The reference implementation topology described in this annex is
non-normative; it documents the deployment shape that the WIA
Standards working group used to validate the test vectors in Annex G
and is intended as a starting point, not a recommendation against
alternative topologies.

- **Single-tenant edge** — one runtime per organization, no shared
  state. Used for early-pilot deployments where conformance evidence
  is published manually. Sufficient for PHASE-2-API-INTERFACE validation when the
  organization signs the manifest itself.
- **Multi-tenant gateway** — one shared runtime serves multiple
  tenants via header-based isolation. Typically backed by a
  rate-limited gateway (Envoy or NGINX) and a shared OAuth 2.1
  identity provider. The manifest is per-tenant; the runtime
  publishes a federation manifest that aggregates tenant manifests.

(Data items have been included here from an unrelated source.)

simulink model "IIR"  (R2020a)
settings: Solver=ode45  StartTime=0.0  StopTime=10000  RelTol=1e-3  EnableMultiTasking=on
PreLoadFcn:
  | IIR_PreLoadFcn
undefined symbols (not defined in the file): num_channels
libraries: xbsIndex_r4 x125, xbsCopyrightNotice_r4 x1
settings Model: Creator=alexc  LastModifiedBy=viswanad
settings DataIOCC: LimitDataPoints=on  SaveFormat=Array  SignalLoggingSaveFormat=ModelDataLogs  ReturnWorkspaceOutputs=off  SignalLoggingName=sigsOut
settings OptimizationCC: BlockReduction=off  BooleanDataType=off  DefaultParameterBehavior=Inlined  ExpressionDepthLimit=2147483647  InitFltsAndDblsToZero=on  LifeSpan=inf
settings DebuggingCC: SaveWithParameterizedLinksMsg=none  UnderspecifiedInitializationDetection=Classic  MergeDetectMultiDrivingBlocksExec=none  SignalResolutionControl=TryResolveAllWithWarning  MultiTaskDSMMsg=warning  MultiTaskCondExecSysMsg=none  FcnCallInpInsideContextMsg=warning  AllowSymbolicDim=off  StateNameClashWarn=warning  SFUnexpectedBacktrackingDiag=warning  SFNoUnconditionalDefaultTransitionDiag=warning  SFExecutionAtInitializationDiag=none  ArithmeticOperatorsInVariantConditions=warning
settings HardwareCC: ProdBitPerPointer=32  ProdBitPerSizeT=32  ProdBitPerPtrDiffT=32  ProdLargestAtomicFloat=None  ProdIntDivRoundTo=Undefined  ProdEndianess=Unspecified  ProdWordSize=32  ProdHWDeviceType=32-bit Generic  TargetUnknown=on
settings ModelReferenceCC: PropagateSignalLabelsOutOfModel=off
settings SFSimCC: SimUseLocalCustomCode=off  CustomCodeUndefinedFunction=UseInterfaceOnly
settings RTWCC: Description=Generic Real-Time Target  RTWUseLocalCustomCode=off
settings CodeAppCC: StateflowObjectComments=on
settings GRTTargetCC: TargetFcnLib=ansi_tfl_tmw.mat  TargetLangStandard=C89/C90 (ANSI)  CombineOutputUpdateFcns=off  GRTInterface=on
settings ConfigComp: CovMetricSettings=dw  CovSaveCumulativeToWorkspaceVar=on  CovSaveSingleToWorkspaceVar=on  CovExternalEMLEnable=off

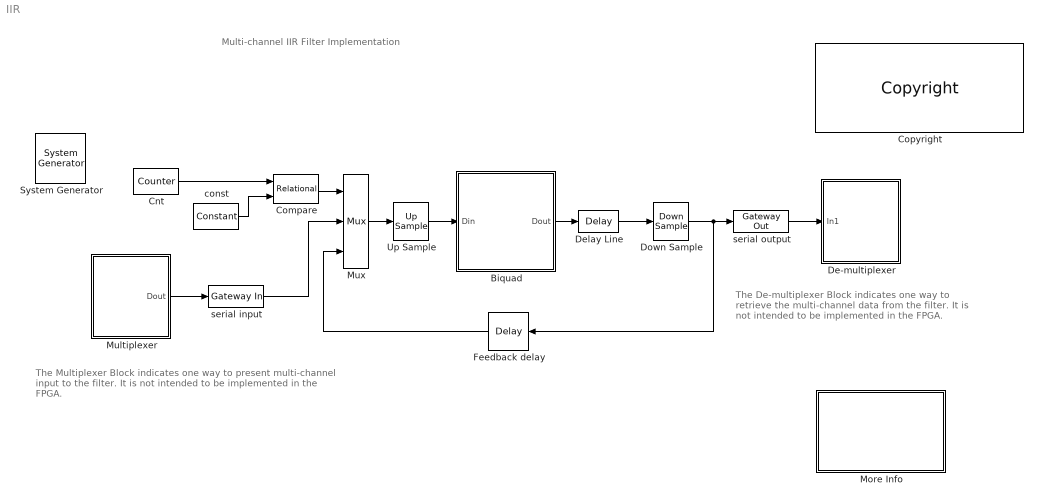
== system IIR ==
  note: Multi-channel IIR Filter Implementation
  note: The Multiplexer Block indicates one way to present
      | multi-channel input to the filter.  It is not intended to
      | be implemented in the FPGA.
  note: The De-multiplexer Block indicates one
      | way to retrieve the multi-channel data
      | from the filter. It is not intended to be
      | implemented in the FPGA.
  " System Generator" : xbsIndex_r4/ System Generator  Tag=genX  xilinxfamily=kintex7  part=xc7k325t  speed=-3  package=fbg676  synthesis_tool=Vivado  clock_wrapper=Clock Enables  directory=./netlist  proj_type=Vivado  Synth_file=Vivado Synthesis Defaults  Impl_file=Vivado Implementation Defaults  testbench=off  simulink_period=1  sysclk_period=22  dcm_input_clock_period=10  incr_netlist=off  trim_vbits=Everywhere in SubSystem  dbl_ovrd=According to Block Masks  core_generation=According to Block Masks  run_coregen=off  deprecated_control=off  eval_field=0  block_type=sysgen
  Biquad : Subsystem
  Cnt : xbsIndex_r4/Counter  cnt_type=Count Limited  cnt_to=4*num_channels-1  operation=Up  start_count=0  cnt_by_val=1  arith_type=Unsigned  n_bits=ceil(log2(4*num_channels))  bin_pt=0  load_pin=off  rst=off  en=off  explicit_period=on  period=5  use_behavioral_HDL=off  implementation=Fabric  use_rpm=off  XmcBlockStatus=1  maskContainerNames=group1  block_type=counter  block_config=sysgen:Counter_config
  Compare : xbsIndex_r4/Relational  mode=a>b  op_type=Bool  en=off  latency=0  XmcBlockStatus=1  maskContainerNames=tabcontainer1  block_type=relational  block_config=sysgen:Relational_config
  Copyright : xbsCopyrightNotice_r4/Copyright  copyrighttext="Copyright (c) 2021  by  Xilinx, Inc. All rights reserved.<br><br>This file contains proprietary, confidential information of Xilinx, Inc., is distributed under license from Xilinx, Inc., and may be used, copied and/or disclosed only pursuant to the terms of a valid license agreement with Xilinx, Inc. Xilinx hereby grants you a license to use this file solely for design, simulation, implementation and creation of design files limited to Xilinx devices or technologies. Use with non-Xilinx devices or technologies is expressly prohibited and immediately terminates your license unless covered by a separate agreement.<br><br>Xilinx is providing this design, code, or information \"as-is\" solely for use in developing programs and solutions for Xilinx devices, with no obligation on the part of Xilinx to provide support. By providing this design, code, or information as one possible implementation of this feature, application or standard, Xilinx is making no representation that this implementation is free from any claims of infringement. You are responsible for obtaining any rights you may require for your implementation. Xilinx expressly disclaims any warranty whatsoever with respect to the adequacy of the implementation, including but not limited to any warranties or representations that this implementation is free from claims of infringement, implied warranties of merchantability or fitness for a particular purpose.<br><br>Xilinx products are not intended for use in life support appliances, devices, or systems. Use in such applications is expressly prohibited.<br><br>Any modifications that are made to the Source Code are done at the user's sole risk and will be unsupported.<br><br>This copyright and support notice must be retained as part of this text at all times. (c) Copyright 1995-2021 Xilinx, Inc. All rights reserved."  block_type=copyright
  De-multiplexer : Subsystem
  Delay Line : xbsIndex_r4/Delay  rst=off  en=off  latency=3  reg_retiming=off  XmcBlockStatus=1  maskContainerNames=group1  block_type=delay  block_config=sysgen:Delay_config
  Down Sample : xbsIndex_r4/Down Sample  sample_ratio=5  sample_phase=First Value of Frame  en=off  rst=off  latency=0  XmcBlockStatus=1  maskContainerNames=group1  block_type=dsamp  block_config=sysgen:Downsample_config
  Feedback delay : xbsIndex_r4/Delay  rst=off  en=off  latency=14  reg_retiming=off  XmcBlockStatus=1  maskContainerNames=group1  block_type=delay  block_config=sysgen:Delay_config
  More Info : Subsystem
      mask Display: disp('Double click\n for\n more information.')
  Multiplexer : Subsystem
  Mux : xbsIndex_r4/Mux  inputs=2  en=off  latency=0  precision=Full  arith_type="Signed  (2's comp)"  n_bits=8  bin_pt=2  quantization=Truncate  overflow=Wrap  XmcBlockStatus=1  maskContainerNames=tabcontainer1  block_type=mux  block_config=sysgen:Mux_config
      settings: infoedit=[]
  Up Sample : xbsIndex_r4/Up Sample  sample_ratio=5  copy_samples=off  en=off  latency=0  XmcBlockStatus=1  maskContainerNames=group1  block_type=usamp  block_config=sysgen:Upsample_config
  const : xbsIndex_r4/Constant  const=num_channels-1  gui_display_data_type=Fixed-point  arith_type=Unsigned  n_bits=ceil(log2(4*num_channels))  bin_pt=0  preci_type=Single  exp_width=8  frac_width=24  explicit_period=off  period=1  XmcBlockStatus=1  maskContainerNames=tabcontainer1  block_type=constant  block_config=sysgen:Constant_config
  serial input : xbsIndex_r4/Gateway In  gui_display_data_type=Fixed-point  arith_type=Signed (2's comp)  n_bits=data_width_nbits  bin_pt=data_width_frac  preci_type=Single  exp_width=8  frac_width=24  rows=1  columns=1  quantization="Round  (unbiased: +/- Inf)"  overflow=Saturate  period=5  UseAsADC=off  ADCChannel='1'  interface=None  automatic_assignment=on  address_offset=hex2dec('00')  intf_name=''  intf_description=''  default_value=0  timing_constraint=Data Rate  locs_specified=off  LOCs={}  io_standard={}  inherit_from_input=off  hdl_port=on  XmcBlockStatus=1  maskContainerNames=group4  block_type=gatewayin  block_config=sysgen:gateway_in_config
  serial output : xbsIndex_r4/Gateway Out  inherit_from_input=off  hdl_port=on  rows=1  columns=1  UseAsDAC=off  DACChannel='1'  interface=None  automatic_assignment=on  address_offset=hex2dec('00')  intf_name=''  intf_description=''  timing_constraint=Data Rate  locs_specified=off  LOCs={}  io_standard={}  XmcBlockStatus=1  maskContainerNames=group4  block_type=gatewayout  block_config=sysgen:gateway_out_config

- **Federated mesh** — multiple runtimes peer to one another and
  publish their manifests to a directory service. Each peer signs
  its own manifest; the directory service signs the aggregated
  index. This is the topology used by cross-organization deployments
  that need to compose conformance.
- **Air-gapped batch** — no network connection between the runtime
  and the directory service. The runtime emits a signed evidence
  package on each batch and the operator transports the package via
  out-of-band channels. This is the topology used by regulators that
  prohibit live connectivity from sensitive environments.

Implementations declare their topology in the manifest (see Annex I).
A topology change MUST be reflected in a new manifest signature; the
prior topology's manifest remains valid for the deprecation window
described in Annex H to preserve audit traceability.